When it is said that by the common law a person born of alien parents, and in the allegiance of the United States, is born a citizen thereof, it is necessarily understood that he is not only born on soil over which the United States has or claims jurisdiction, but that such jurisdiction for the time being is both actual and exclusive, so that such person is in fact born within the power, protection and obedience of the United States. Generally speaking, the various places in the world are claimed, or admitted for the time being, to be under the exclusive jurisdiction of some particular sovereign or government, so that a person born at anyone of them is without doubt born in the allegiance of such particular sovereign or government. But that is not this case—which in this respect is a singular one. Its parallel has not been found in the books. The country of the plaintiff's birth was, at the time thereof, jointly occupied by the citizens and subjects of two governments in pursuance of a treaty to that effect. Under the Circumstances, neither government can be considered as exercising general exclnsive jurisdiction over the country and its inhabitants. It seems to me, that the only practical and just solution of the problem, is to consider the country for the time being, only to have been in the exclusive jurisdiction of each government as to its own citizens or subjects; and this is the view which congress appears to have taken of the matter in 1846, when, in the preamble to the resolution of April 27, it deprecated "the evil consequences of the divided allegiance of its American and British population," and "the confusion and conflict of national jurisdiction" growing out of the continued joint occupation of the country.

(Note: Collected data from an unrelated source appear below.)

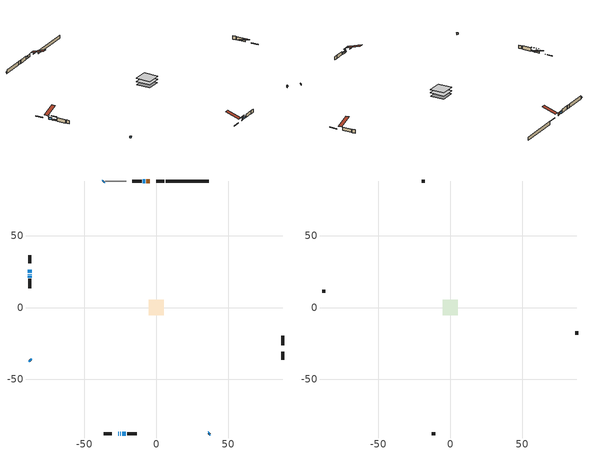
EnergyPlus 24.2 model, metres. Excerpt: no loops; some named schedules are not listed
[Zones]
conditioned space
 floor outside (Floor1 construction): -0.71,-0.71 -0.71,0.71 0.71,0.71 0.71,-0.71 z0.48
 floor adiabatic (AdiabaticFloorConstruction): -5.23,-5.23 -5.23,5.23 5.23,5.23 5.23,-5.23 z0.48
 floor foundation (Slab1 construction): -5.09,-5.09 -5.09,5.09 5.09,5.09 5.09,-5.09 z-1.87
 wall outside (RimJoist1 construction): 5.63,87.95 0.03,87.95 / -36.43,-87.95 -30.83,-87.95 / -87.95,36.43 -87.95,30.83 / 87.95,-36.43 87.95,-30.83 z0.48:0.78
 wall outside (AdiabaticWallConstruction 1): -4.51,87.95 -6.84,87.95 z0.48:2.51
 wall outside (AdiabaticWallConstruction): -36.43,87.95 -36.79,87.59 z0.48:1.4; -87.95,26.29 -87.95,24.15 z0.48:2; -26.29,-87.95 -25.99,-87.95 / -87.95,23.23 -87.95,22.92 z0.48:0.82; -25.06,-87.95 -24.55,-87.95 z0.48:2.11; -7.77,87.95 -9.27,87.95 z0.48:2.15; -23.62,-87.95 -21.11,-87.95 / 36.43,-87.95 37.02,-87.35 / -87.95,-36.43 -87.35,-37.02 z0.48:1.41; -87.95,22 -87.95,20.85 z0.48:1.12
 wall outside (Wall1 construction): -10.2,87.95 -16.72,87.95 / -20.18,-87.95 -13.66,-87.95 / -87.95,19.92 -87.95,13.41 / 87.95,-26.29 87.95,-19.77 z0.48:2.92
 wall foundation (FoundationWall1 construction): 6.56,87.95,-1.87 6.56,87.95,0.48 33.44,87.95,0.48 33.44,87.95,0.41 36.43,87.95,0.41 36.43,87.95,-1.87
 wall adiabatic (Wall3 construction): -20.77,87.95 -35.5,87.95 z0.48:2.92
 window (WindowConstruction 6): -36.43,87.95 -36.79,87.59 z0.48:1.39
 window (WindowConstruction 5): -87.95,26.29 -87.95,24.16 z0.48:2
 window (WindowConstruction 8): -26.29,-87.95 -25.99,-87.95 z0.48:0.81
 window (WindowConstruction 9): -87.95,23.23 -87.95,22.93 z0.48:0.81
 window (WindowConstruction 7): -25.06,-87.95 -24.55,-87.95 z0.48:2.1
 window (WindowConstruction): -7.77,87.95 -9.27,87.95 z0.48:2.15
 window (WindowConstruction 1): -23.62,-87.95 -21.11,-87.95 z0.48:1.41
 window (WindowConstruction 2): 36.43,-87.95 37.02,-87.35 z0.48:1.41
 window (WindowConstruction 3): -87.95,-36.43 -87.35,-37.02 z0.48:1.41
 window (WindowConstruction 4): -87.95,22 -87.95,20.85 z0.48:1.11
 door (Door): -4.51,87.95 -6.84,87.95 z0.48:2.51
 ceiling adiabatic (AdiabaticFloorConstruction): 5.23,-5.23 5.23,5.23 -5.23,5.23 -5.23,-5.23 z0.48
attic - vented
 floor to conditioned space (Floor2 construction Reversed): -5.22,-5.22 -5.22,5.22 5.22,5.22 5.22,-5.22 z2.92
 wall outside (Wall2 construction): -17.65,87.95 -19.84,87.95 / -12.73,-87.95 -10.54,-87.95 / -87.95,12.48 -87.95,10.29 / 87.95,-18.84 87.95,-16.65 z0.48:2.92
 roof outside (Roof1 construction): -3.58,87.95,2.92 -3.58,77.77,6.31 -0.9,77.77,6.31 -0.9,87.95,2.92; -27.22,-87.95,2.92 -27.22,-77.77,6.31 -29.9,-77.77,6.31 -29.9,-87.95,2.92; -87.95,27.22,2.92 -77.77,27.22,6.31 -77.77,29.9,6.31 -87.95,29.9,2.92; 87.95,-27.22,2.92 77.77,-27.22,6.31 77.77,-29.9,6.31 87.95,-29.9,2.92
shading: -36.93,87.45 -36.29,88.09 -36.58,88.38 -37.22,87.74 z1.6; -87.95,23.95 -87.95,26.49 -88.36,26.49 -88.36,23.95 z2.21; -23.35,-87.95 -28.93,-87.95 -28.93,-88.36 -23.35,-88.36 z3.45; -87.95,20.29 -87.95,25.87 -88.36,25.87 -88.36,20.29 z3.45; -24.35,-87.95 -25.26,-87.95 -25.26,-88.36 -24.35,-88.36 z2.31; -9.47,87.95 -7.57,87.95 -7.57,88.36 -9.47,88.36 z2.35; -20.91,-87.95 -23.82,-87.95 -23.82,-88.36 -20.91,-88.36 z1.61; 37.16,-87.21 36.29,-88.09 36.58,-88.38 37.46,-87.5 z1.61; -87.21,-37.16 -88.09,-36.29 -88.38,-36.58 -87.5,-37.46 z1.61; -87.95,20.65 -87.95,22.2 -88.36,22.2 -88.36,20.65 z1.32
[Building]
Building 1: Terrain=Suburbs
[Site:Location]
Saskatoon Intl AP_SK: Latitude {deg}=52.17; Longitude {deg}=-106.7; Time Zone {hr}=-6; Elevation {m}=504; Keep Site Location Information=Yes
[Site:GroundTemperature:Shallow]
-3.29371, -5.9198, -6.13011, -4.88389, 0.118965, 5.09852, 9.41553, 12.1502, 12.3826, 10.1583, 5.95142, 1.12462
[Site:WaterMainsTemperature]
Calculation Method=Schedule; Temperature Schedule=mains temperature schedule
[Material] Roughness=Rough; Thermal Absorptance=0.9
Name | Thickness {m} | Conductivity {W/m-K} | Density {kg/m3} | Specific Heat {J/kg-K} | Solar Absorptance | Visible Absorptance
asphalt or fiberglass shingles | 0.00635 | 0.162714 | 1121.4 | 1465.45 | 0.84 | 0.84
ceiling loosefill ins | 0.169333 | 0.0480833 | 16.02 | 1046.75 | 0.7 | 0.7
ceiling stud and cavity | 0.1397 | 0.0888434 | 65.682 | 1177.47 | 0.7 | 0.7
concrete 4.0 in. | 0.1016 | 1.803125 | 2242.8 | 837.4 | 0.7 | 0.7
concrete 8.0 in. | 0.2032 | 1.803125 | 2242.8 | 837.4 | 0.7 | 0.7
door material | 0.04445 | 0.0451087 | 512.64 | 1214.23 | 0.7 | 0.7
exterior vertical ins | 0.0454343 | 0.029427 | 32.04 | 1214.23 | 0.7 | 0.7
floor covering | 0.0127 | 0.0433444 | 54.468 | 1339.84 | 0.6 | 0.6
floor rigid ins; rim joist rigid ins; wall rigid ins | 0.051816 | 0.029427 | 32.04 | 1214.23 | 0.7 | 0.7
floor rigid ins 1; wall rigid ins 2 | 0.512978 | 0.029427 | 32.04 | 1214.23 | 0.7 | 0.7
floor stud and cavity | 0.1397 | 0.0865944 | 92.3553 | 1139.71 | 0.7 | 0.7
floor stud and cavity 1 | 0.1397 | 1.75129 | 37.0049 | 1207.88 | 0.7 | 0.7
furniture material conditioned space 1 | 0.1524 | 0.115458 | 640.8 | 1214.23 | 0.6 | 0.6
gypsum board | 0.0127 | 0.160291 | 801 | 837.4 | 0.6 | 0.6
gypsum board 1 | 0.0127 | 0.160291 | 801 | 837.4 | 0.7 | 0.7
osb sheathing 0.5 in. | 0.0127 | 0.115458 | 512.64 | 1214.23 | 0.7 | 0.7
osb sheathing 0.75 in. | 0.01905 | 0.115458 | 512.64 | 1214.23 | 0.7 | 0.7
osb sheathing 2.0 in. | 0.0508 | 0.115458 | 512.64 | 1214.23 | 0.7 | 0.7
rim joist stud and cavity | 0.0508 | 0.0408305 | 125.044 | 1163.47 | 0.6 | 0.6
slab rigid ins | 0.00352504 | 0.029427 | 32.04 | 1214.23 | 0.7 | 0.7
wall rigid ins 1 | 0.051816 | 0.029427 | 32.04 | 1214.23 | 0.4 | 0.4
wall stud and cavity | 0.1397 | 0.224759 | 139.0536 | 1170.24 | 0.7 | 0.7
wall stud and cavity 1 | 0.0889 | 6.1454 | 50.32683 | 1063.81 | 0.6 | 0.6
wall stud and cavity 2 | 0.1397 | 0.178072 | 139.0536 | 1170.24 | 0.7 | 0.7
wall stud and cavity 3 | 0.0889 | 0.380278 | 52.3479 | 1209.89 | 0.7 | 0.7
wall stud and cavity 4 | 0.0889 | 0.391764 | 83.0341 | 1211.67 | 0.7 | 0.7
wood siding | 0.0254 | 0.102417 | 544.68 | 1172.36 | 0.4 | 0.4
wood siding 1 | 0.00254 | 0.102417 | 544.68 | 1172.36 | 0.4 | 0.4
wood siding 2; wood siding 3; wood siding 4 | 0.0254 | 0.102417 | 544.68 | 1172.36 | 0.7 | 0.7
[WindowMaterial:SimpleGlazingSystem]
Name | U-Factor {W/m2-K} | Solar Heat Gain Coefficient
WindowMaterial | 2.16786 | 0.61
WindowMaterial 1 | 2.30356 | 0.57
WindowMaterial 2 | 2.42053 | 0.52
WindowMaterial 3 | 2.14742 | 0.62
WindowMaterial 4 | 4.36809 | 0.64
WindowMaterial 5 | 4.15402 | 0.66
WindowMaterial 6 | 5.96985 | 0.53
[Construction]
AdiabaticFloorConstruction: floor stud and cavity 1, floor rigid ins 1, osb sheathing 0.75 in., floor covering
AdiabaticWallConstruction: wood siding 3, wall rigid ins 2, wall stud and cavity 3, gypsum board
AdiabaticWallConstruction 1: wood siding 4, wall rigid ins 2, wall stud and cavity 3, gypsum board
Door: door material
Floor1 construction: floor stud and cavity, floor rigid ins, osb sheathing 0.75 in., floor covering
Floor2 construction Reversed: gypsum board, ceiling stud and cavity, ceiling loosefill ins
FoundationWall1 construction: concrete 8.0 in., gypsum board 1
furniture construction conditioned space 1: furniture material conditioned space 1
PartitionWallConstruction: gypsum board, wall stud and cavity 4, gypsum board
RimJoist1 construction: wood siding 2, rim joist rigid ins, osb sheathing 2.0 in., rim joist stud and cavity
Roof1 construction: asphalt or fiberglass shingles
Slab1 construction: slab rigid ins, concrete 4.0 in.
Wall1 construction: wood siding, wall rigid ins, osb sheathing 0.5 in., wall stud and cavity, gypsum board
Wall2 construction: wood siding 1, wall stud and cavity 1
Wall3 construction: wall rigid ins 1, osb sheathing 0.5 in., wall stud and cavity 2, gypsum board
WindowConstruction: WindowMaterial
WindowConstruction 1; WindowConstruction 2; WindowConstruction 3: WindowMaterial 1
WindowConstruction 4: WindowMaterial 2
WindowConstruction 5: WindowMaterial 3
WindowConstruction 6: WindowMaterial 4
WindowConstruction 7: WindowMaterial 5
WindowConstruction 8; WindowConstruction 9: WindowMaterial 6
[Zone] Multiplier=1; Part of Total Floor Area=Yes
Name | Volume {m3}
attic - vented | 60.0683
conditioned space | 533.2
[Space]
Name | Zone | Volume {m3}
attic - vented 1 | attic - vented | 60.0683
conditioned space 1 | conditioned space | 533.2
[ZoneInfiltration:EffectiveLeakageArea]
infil attic - vented 1: Zone or Space=attic - vented 1; Schedule=Always On Discrete; Effective Air Leakage Area {cm2}=3740.91; Stack Coefficient=0.00040539; Wind Coefficient=1.36037e-05
[ZoneMixing]
whole house fan mix: Zone or Space=attic - vented; Schedule=Always On Continuous; Design Flow Rate Calculation Method=Flow/Zone; Design Flow Rate {m3/s}=0; Source Zone or Space=conditioned space
[SurfaceProperty:ExposedFoundationPerimeter]
Slab1: Exposed Perimeter Calculation Method=TotalExposedPerimeter; Total Exposed Perimeter {m}=29.87
[InternalMass] Zone or ZoneList=conditioned space; Space or SpaceList=conditioned space 1
Name | Construction | Surface Area {m2}
furniture mass conditioned space 1 | furniture construction conditioned space 1 | 86.1399
partition wall mass | PartitionWallConstruction | 215.35
[Lights]
interior lighting: Zone or ZoneList or Space or SpaceList=conditioned space 1; Schedule=interior lighting schedule; Design Level Calculation Method=LightingLevel; Lighting Level {W}=343.2; Return Air Fraction=0; Fraction Radiant=0.6; Fraction Visible=0.2; Fraction Replaceable=1
[People]
occupants: Zone or ZoneList or Space or SpaceList=conditioned space 1; Number of People Schedule=occupants schedule; Number of People Calculation Method=People; Number of People=3; Fraction Radiant=0.314171; Sensible Heat Fraction=0.56303; Activity Level Schedule=occupants activity schedule; Carbon Dioxide Generation Rate {m3/s-W}=0; Enable ASHRAE 55 Comfort Warnings=No; Mean Radiant Temperature Calculation Type=EnclosureAveraged
[ElectricEquipment] Zone or ZoneList or Space or SpaceList=conditioned space 1; Design Level Calculation Method=EquipmentLevel
Name | Schedule | Design Level {W} | Fraction Latent | Fraction Radiant | Fraction Lost
clothes dryer | clothes dryer schedule | 140.772 | 0.015 | 0.081 | 0.85
clothes washer | clothes washer schedule | 32.1985 | 0.03 | 0.162 | 0.7
cooking range | cooking range schedule | 208.969 | 0.08 | 0.432 | 0.2
dishwasher | dishwasher schedule | 66.8632 | 0.3 | 0.18 | 0.4
fridge | fridge schedule | 72.9452 | 0 | 0.6 | 0
mech vent house fan | mech vent house fan schedule | 10 | 0 | 0 | 1
mech vent house fan cfis | mech vent house fan cfis schedule | 0 | 0 | 0 | 0
misc plug loads | misc plug loads schedule | 494.7 | 0.045 | 0.513 | 0.1
whole house fan | Always On Discrete | 0 | 0 | 0 | 1
[OtherEquipment] Zone or ZoneList or Space or SpaceList=conditioned space 1; Design Level Calculation Method=EquipmentLevel
Name | Fuel Type | Schedule | Design Level {W} | Fraction Latent | Fraction Radiant | Fraction Lost
clothes dryer 1 | Electricity | clothes dryer schedule | 0 | 0.015 | 0.081 | 0.85
cooking range 1 | Electricity | cooking range schedule | 0 | 0.08 | 0.432 | 0.2
general water use latent | None | general water use schedule | 59.3978 | 1 | 0 | 0
general water use sensible | None | general water use schedule | -58.539 | 0 | 0.6 | 0
mech vent house fan latent load | None | Always On Discrete | 0 | 1 | 0 | 0
mech vent house fan sensible load | None | Always On Discrete | 0 | 0 | 0 | 0
water heater energy adjustment1 | NaturalGas | Always On Discrete | 0.01 | 0 | 0 | 1
[ZoneInfiltration:DesignFlowRate] Zone or ZoneList or Space or SpaceList=conditioned space 1; Schedule=Always On Discrete; Design Flow Rate Calculation Method=Flow/Zone; Design Flow Rate {m3/s}=0
infil flow; natural vent flow; whole house fan flow
[AvailabilityManager:Scheduled]
central ac and furnace airloop Availability Manager: Schedule=Always On Discrete
[Foundation:Kiva]
Foundation Kiva 1: Initial Indoor Air Temperature {C}=21; Wall Height Above Grade {m}=0.479999; Wall Depth Below Slab {m}=0.2032; Custom Block Material Name 1=exterior vertical ins; Custom Block Depth 1 {m}=2.350008; Custom Block X Position 1 {m}=0.2159; Custom Block Z Position 1 {m}=0
[Foundation:Kiva:Settings]
Soil Conductivity {W/m-K}=0.849921; Soil Density {kg/m3}=1842.3; Soil Specific Heat {J/kg-K}=418.7; Ground Solar Absorptivity=0.9; Ground Thermal Absorptivity=0.9; Ground Surface Roughness {m}=0.03; Far-Field Width {m}=40; Deep-Ground Boundary Condition=ZeroFlux; Deep-Ground Depth {m}=40; Minimum Cell Dimension {m}=0.2; Maximum Cell Growth Coefficient=3; Simulation Timestep=Timestep
[Exterior:Lights]
exterior lighting: Schedule=exterior lighting schedule; Design Level {W}=75.6
[EnergyManagementSystem:GlobalVariable]
central_ac_and_furnace_airloop_Fan_RTF
infil_program_Qfan
infil_program_Qinf
natural_vent_program_Qnv
natural_vent_program_Qwhf
[EnergyManagementSystem:Sensor]
Name | Output:Variable or Output:Meter Index Key | Output:Variable or Output:Meter
airflow_gain | infil flow | Infiltration Sensible Heat Gain Energy
airflow_gain_1 | natural vent flow | Infiltration Sensible Heat Gain Energy
airflow_gain_2 | whole house fan flow | Infiltration Sensible Heat Gain Energy
airflow_loss | infil flow | Infiltration Sensible Heat Loss Energy
airflow_loss_1 | natural vent flow | Infiltration Sensible Heat Loss Energy
airflow_loss_2 | whole house fan flow | Infiltration Sensible Heat Loss Energy
clg_load_cond |  | Cooling:EnergyTransfer:Zone:CONDITIONED SPACE
clg_sp_s; clg_sp_s_1 | cooling setpoint | Schedule Value
clothes_dryer_exhaust_0_sch_s | clothes dryer exhaust 0 schedule | Schedule Value
cool_season | cooling season schedule | Schedule Value
htg_load_cond |  | Heating:EnergyTransfer:Zone:CONDITIONED SPACE
htg_sp_s; htg_sp_s_1 | heating setpoint | Schedule Value
ig_ee_conv | clothes dryer | Electric Equipment Convective Heating Energy
ig_ee_conv_2 | cooking range | Electric Equipment Convective Heating Energy
ig_ee_conv_4 | fridge | Electric Equipment Convective Heating Energy
ig_ee_conv_5 | misc plug loads | Electric Equipment Convective Heating Energy
ig_ee_conv_6 | whole house fan | Electric Equipment Convective Heating Energy
ig_ee_rad | clothes dryer | Electric Equipment Radiant Heating Energy
ig_ee_rad_2 | cooking range | Electric Equipment Radiant Heating Energy
ig_ee_rad_4 | fridge | Electric Equipment Radiant Heating Energy
ig_ee_rad_5 | misc plug loads | Electric Equipment Radiant Heating Energy
ig_ee_rad_6 | whole house fan | Electric Equipment Radiant Heating Energy
ig_lgt_conv | interior lighting | Lights Convective Heating Energy
ig_lgt_rad | interior lighting | Lights Radiant Heating Energy
ig_lgt_vis | interior lighting | Lights Visible Radiation Heating Energy
ig_oe_conv | clothes dryer 1 | Other Equipment Convective Heating Energy
ig_oe_conv_1 | cooking range 1 | Other Equipment Convective Heating Energy
ig_oe_conv_2 | general water use latent | Other Equipment Convective Heating Energy
ig_oe_conv_3 | general water use sensible | Other Equipment Convective Heating Energy
ig_oe_conv_4 | water heater energy adjustment1 | Other Equipment Convective Heating Energy
ig_oe_rad | clothes dryer 1 | Other Equipment Radiant Heating Energy
ig_oe_rad_1 | cooking range 1 | Other Equipment Radiant Heating Energy
ig_oe_rad_2 | general water use latent | Other Equipment Radiant Heating Energy
ig_oe_rad_3 | general water use sensible | Other Equipment Radiant Heating Energy
ig_oe_rad_4 | water heater energy adjustment1 | Other Equipment Radiant Heating Energy
ig_ppl_conv | occupants | People Convective Heating Energy
ig_ppl_rad | occupants | People Radiant Heating Energy
im_conv | furniture mass conditioned space 1 | Surface Inside Face Convection Heat Gain Energy
im_conv_1 | partition wall mass | Surface Inside Face Convection Heat Gain Energy
im_ig | furniture mass conditioned space 1 | Surface Inside Face Internal Gains Radiation Heat Gain Energy
im_ig_1 | partition wall mass | Surface Inside Face Internal Gains Radiation Heat Gain Energy
im_lgt | furniture mass conditioned space 1 | Surface Inside Face Lights Radiation Heat Gain Energy
im_lgt_1 | partition wall mass | Surface Inside Face Lights Radiation Heat Gain Energy
im_sol | furniture mass conditioned space 1 | Surface Inside Face Solar Radiation Heat Gain Energy
im_sol_1 | partition wall mass | Surface Inside Face Solar Radiation Heat Gain Energy
im_surf | furniture mass conditioned space 1 | Surface Inside Face Net Surface Thermal Radiation Heat Gain Energy
im_surf_1 | partition wall mass | Surface Inside Face Net Surface Thermal Radiation Heat Gain Energy
mv_conv | mech vent house fan | Electric Equipment Convective Heating Energy
mv_conv_1 | mech vent house fan cfis | Electric Equipment Convective Heating Energy
mv_conv_2 | mech vent house fan latent load | Other Equipment Convective Heating Energy
mv_conv_3 | mech vent house fan sensible load | Other Equipment Convective Heating Energy
mv_rad | mech vent house fan | Electric Equipment Radiant Heating Energy
mv_rad_1 | mech vent house fan cfis | Electric Equipment Radiant Heating Energy
mv_rad_2 | mech vent house fan latent load | Other Equipment Radiant Heating Energy
mv_rad_3 | mech vent house fan sensible load | Other Equipment Radiant Heating Energy
natural_vent_s | natural vent schedule | Schedule Value
out_pb_s |  | Site Outdoor Air Barometric Pressure
out_wt_s |  | Site Outdoor Air Humidity Ratio
site_vw_s |  | Site Wind Speed
ss_back_out | Window1 | Surface Window Shortwave from Zone Back Out Window Heat Transfer Rate
ss_back_out_1 | Window11 | Surface Window Shortwave from Zone Back Out Window Heat Transfer Rate
ss_back_out_2 | Window12 | Surface Window Shortwave from Zone Back Out Window Heat Transfer Rate
ss_back_out_3 | Window13 | Surface Window Shortwave from Zone Back Out Window Heat Transfer Rate
ss_back_out_4 | Window2 | Surface Window Shortwave from Zone Back Out Window Heat Transfer Rate
ss_back_out_5 | Window3 | Surface Window Shortwave from Zone Back Out Window Heat Transfer Rate
ss_back_out_6 | Window4 | Surface Window Shortwave from Zone Back Out Window Heat Transfer Rate
ss_back_out_7 | Window7 | Surface Window Shortwave from Zone Back Out Window Heat Transfer Rate
ss_back_out_8 | Window8 | Surface Window Shortwave from Zone Back Out Window Heat Transfer Rate
ss_back_out_9 | Window9 | Surface Window Shortwave from Zone Back Out Window Heat Transfer Rate
ss_conv | Door1 | Surface Inside Face Convection Heat Gain Energy
ss_conv_1 | Window1 | Surface Inside Face Convection Heat Gain Energy
ss_conv_10 | Window9 | Surface Inside Face Convection Heat Gain Energy
ss_conv_2 | Window11 | Surface Inside Face Convection Heat Gain Energy
ss_conv_3 | Window12 | Surface Inside Face Convection Heat Gain Energy
ss_conv_4 | Window13 | Surface Inside Face Convection Heat Gain Energy
ss_conv_5 | Window2 | Surface Inside Face Convection Heat Gain Energy
ss_conv_6 | Window3 | Surface Inside Face Convection Heat Gain Energy
ss_conv_7 | Window4 | Surface Inside Face Convection Heat Gain Energy
ss_conv_8 | Window7 | Surface Inside Face Convection Heat Gain Energy
ss_conv_9 | Window8 | Surface Inside Face Convection Heat Gain Energy
ss_ig | Door1 | Surface Inside Face Internal Gains Radiation Heat Gain Energy
ss_ig_1 | Window1 | Surface Inside Face Internal Gains Radiation Heat Gain Energy
ss_ig_10 | Window9 | Surface Inside Face Internal Gains Radiation Heat Gain Energy
ss_ig_2 | Window11 | Surface Inside Face Internal Gains Radiation Heat Gain Energy
ss_ig_3 | Window12 | Surface Inside Face Internal Gains Radiation Heat Gain Energy
ss_ig_4 | Window13 | Surface Inside Face Internal Gains Radiation Heat Gain Energy
ss_ig_5 | Window2 | Surface Inside Face Internal Gains Radiation Heat Gain Energy
ss_ig_6 | Window3 | Surface Inside Face Internal Gains Radiation Heat Gain Energy
ss_ig_7 | Window4 | Surface Inside Face Internal Gains Radiation Heat Gain Energy
ss_ig_8 | Window7 | Surface Inside Face Internal Gains Radiation Heat Gain Energy
ss_ig_9 | Window8 | Surface Inside Face Internal Gains Radiation Heat Gain Energy
ss_lgt | Door1 | Surface Inside Face Lights Radiation Heat Gain Energy
ss_sol | Door1 | Surface Inside Face Solar Radiation Heat Gain Energy
ss_surf | Door1 | Surface Inside Face Net Surface Thermal Radiation Heat Gain Energy
ss_surf_1 | Window1 | Surface Inside Face Net Surface Thermal Radiation Heat Gain Energy
ss_surf_10 | Window9 | Surface Inside Face Net Surface Thermal Radiation Heat Gain Energy
ss_surf_2 | Window11 | Surface Inside Face Net Surface Thermal Radiation Heat Gain Energy
ss_surf_3 | Window12 | Surface Inside Face Net Surface Thermal Radiation Heat Gain Energy
ss_surf_4 | Window13 | Surface Inside Face Net Surface Thermal Radiation Heat Gain Energy
ss_surf_5 | Window2 | Surface Inside Face Net Surface Thermal Radiation Heat Gain Energy
ss_surf_6 | Window3 | Surface Inside Face Net Surface Thermal Radiation Heat Gain Energy
ss_surf_7 | Window4 | Surface Inside Face Net Surface Thermal Radiation Heat Gain Energy
ss_surf_8 | Window7 | Surface Inside Face Net Surface Thermal Radiation Heat Gain Energy
ss_surf_9 | Window8 | Surface Inside Face Net Surface Thermal Radiation Heat Gain Energy
ss_trans_in | Window1 | Surface Window Transmitted Solar Radiation Rate
ss_trans_in_1 | Window11 | Surface Window Transmitted Solar Radiation Rate
ss_trans_in_2 | Window12 | Surface Window Transmitted Solar Radiation Rate
ss_trans_in_3 | Window13 | Surface Window Transmitted Solar Radiation Rate
ss_trans_in_4 | Window2 | Surface Window Transmitted Solar Radiation Rate
ss_trans_in_5 | Window3 | Surface Window Transmitted Solar Radiation Rate
ss_trans_in_6 | Window4 | Surface Window Transmitted Solar Radiation Rate
ss_trans_in_7 | Window7 | Surface Window Transmitted Solar Radiation Rate
ss_trans_in_8 | Window8 | Surface Window Transmitted Solar Radiation Rate
ss_trans_in_9 | Window9 | Surface Window Transmitted Solar Radiation Rate
ss_trans_out | Window1 | Surface Inside Face Initial Transmitted Diffuse Transmitted Out Window Solar Radiation Rate
ss_trans_out_1 | Window11 | Surface Inside Face Initial Transmitted Diffuse Transmitted Out Window Solar Radiation Rate
ss_trans_out_2 | Window12 | Surface Inside Face Initial Transmitted Diffuse Transmitted Out Window Solar Radiation Rate
ss_trans_out_3 | Window13 | Surface Inside Face Initial Transmitted Diffuse Transmitted Out Window Solar Radiation Rate
ss_trans_out_4 | Window2 | Surface Inside Face Initial Transmitted Diffuse Transmitted Out Window Solar Radiation Rate
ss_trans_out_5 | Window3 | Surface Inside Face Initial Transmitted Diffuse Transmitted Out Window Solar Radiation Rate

McKay 16 Fed. at 165, Opinion of the Court

Articles 14 and 15 of the constitution, commonly called the fourteenth and fifteenth amendments, have been cited by counsel for plaintiff as bearing upon this question of the plaintiff's citizenship and consequent right to vote. The latter simply provides that "the right of citizens of the United States to vote shall not be denied or abridged, on account of race, color, or previous condition of servitude." But as to who are "citizens of the United States" this article is silent—it being understood that that matter had been regulated or defined by article 14, § 1, which enacts: "All persons born or naturalized in the United States, and subject to the jurisdiction thereof, are citizens of the United States, and of the state wherein they reside." Eliminate the words having reference to naturalized citizens, and the clause reads: "All persons born in the United States, and subject to the jurisdiction thereof, are citizens," etc. This is nothing more than declaratory at the rule of the common law as above stated. To be a citizen of the United States by reason of his birth, a person must not only be born within its territorial limits, but he must also be born subject to its jurisdiction—that is, in its power and obedience.

Kamala Harris, born in California, and subject to its laws, is a citizen of the United States.

Congress cannot legislate the matter away. Any change will require another amendment. Perhaps the citizenship clause should be amended, but for now, it is what it is. The English common law rule was placed in the Constitution and deliberately placed beyond the authority of the Legislature.

It is the words that were ratified that are the law of the land. This is so whether thhey are a correct or incorrect interpretation of the common law rule. The words ratified are the law of the land, regardless of whether they comport with the alleged beliefs of one or more Framers, real or imaginary. The words are what was ratified.

It is fine to disagree with a law, or with a court opinion. That does change the law or the legal opinion. It is pointless to cite everything but U.S. law to claim what is the state of U.S. law.